↓
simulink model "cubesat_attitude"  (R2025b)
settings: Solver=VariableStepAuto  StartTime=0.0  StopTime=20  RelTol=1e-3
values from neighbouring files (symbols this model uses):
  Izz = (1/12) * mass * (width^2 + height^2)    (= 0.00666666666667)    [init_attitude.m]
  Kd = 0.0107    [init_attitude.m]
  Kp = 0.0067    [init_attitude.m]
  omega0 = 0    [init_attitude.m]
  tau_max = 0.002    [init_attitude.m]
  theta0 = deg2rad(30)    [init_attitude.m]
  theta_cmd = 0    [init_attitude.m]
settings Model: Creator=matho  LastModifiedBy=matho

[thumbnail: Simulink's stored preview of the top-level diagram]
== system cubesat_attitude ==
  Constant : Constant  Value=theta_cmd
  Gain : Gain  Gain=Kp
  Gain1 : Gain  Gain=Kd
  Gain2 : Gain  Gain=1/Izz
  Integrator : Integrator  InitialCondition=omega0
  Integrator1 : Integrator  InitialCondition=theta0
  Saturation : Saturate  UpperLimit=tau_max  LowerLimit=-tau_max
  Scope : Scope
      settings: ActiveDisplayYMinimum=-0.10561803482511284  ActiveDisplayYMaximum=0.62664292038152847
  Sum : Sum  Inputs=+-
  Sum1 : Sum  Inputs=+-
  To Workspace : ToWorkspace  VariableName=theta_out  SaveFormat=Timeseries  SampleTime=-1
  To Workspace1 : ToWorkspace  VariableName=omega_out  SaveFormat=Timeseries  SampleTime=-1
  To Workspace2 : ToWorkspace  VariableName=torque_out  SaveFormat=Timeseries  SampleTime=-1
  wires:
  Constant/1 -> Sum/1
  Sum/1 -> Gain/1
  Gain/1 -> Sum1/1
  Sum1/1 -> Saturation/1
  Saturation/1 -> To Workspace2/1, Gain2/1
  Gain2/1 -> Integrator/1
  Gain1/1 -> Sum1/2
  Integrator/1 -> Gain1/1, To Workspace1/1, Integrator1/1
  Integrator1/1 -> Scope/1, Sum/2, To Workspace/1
↑
■ What this task involves
Where a line of the entries contains "Scope", report that line.

■ Response to this exercise
  Scope : Scope
  Integrator1/1 -> Scope/1, Sum/2, To Workspace/1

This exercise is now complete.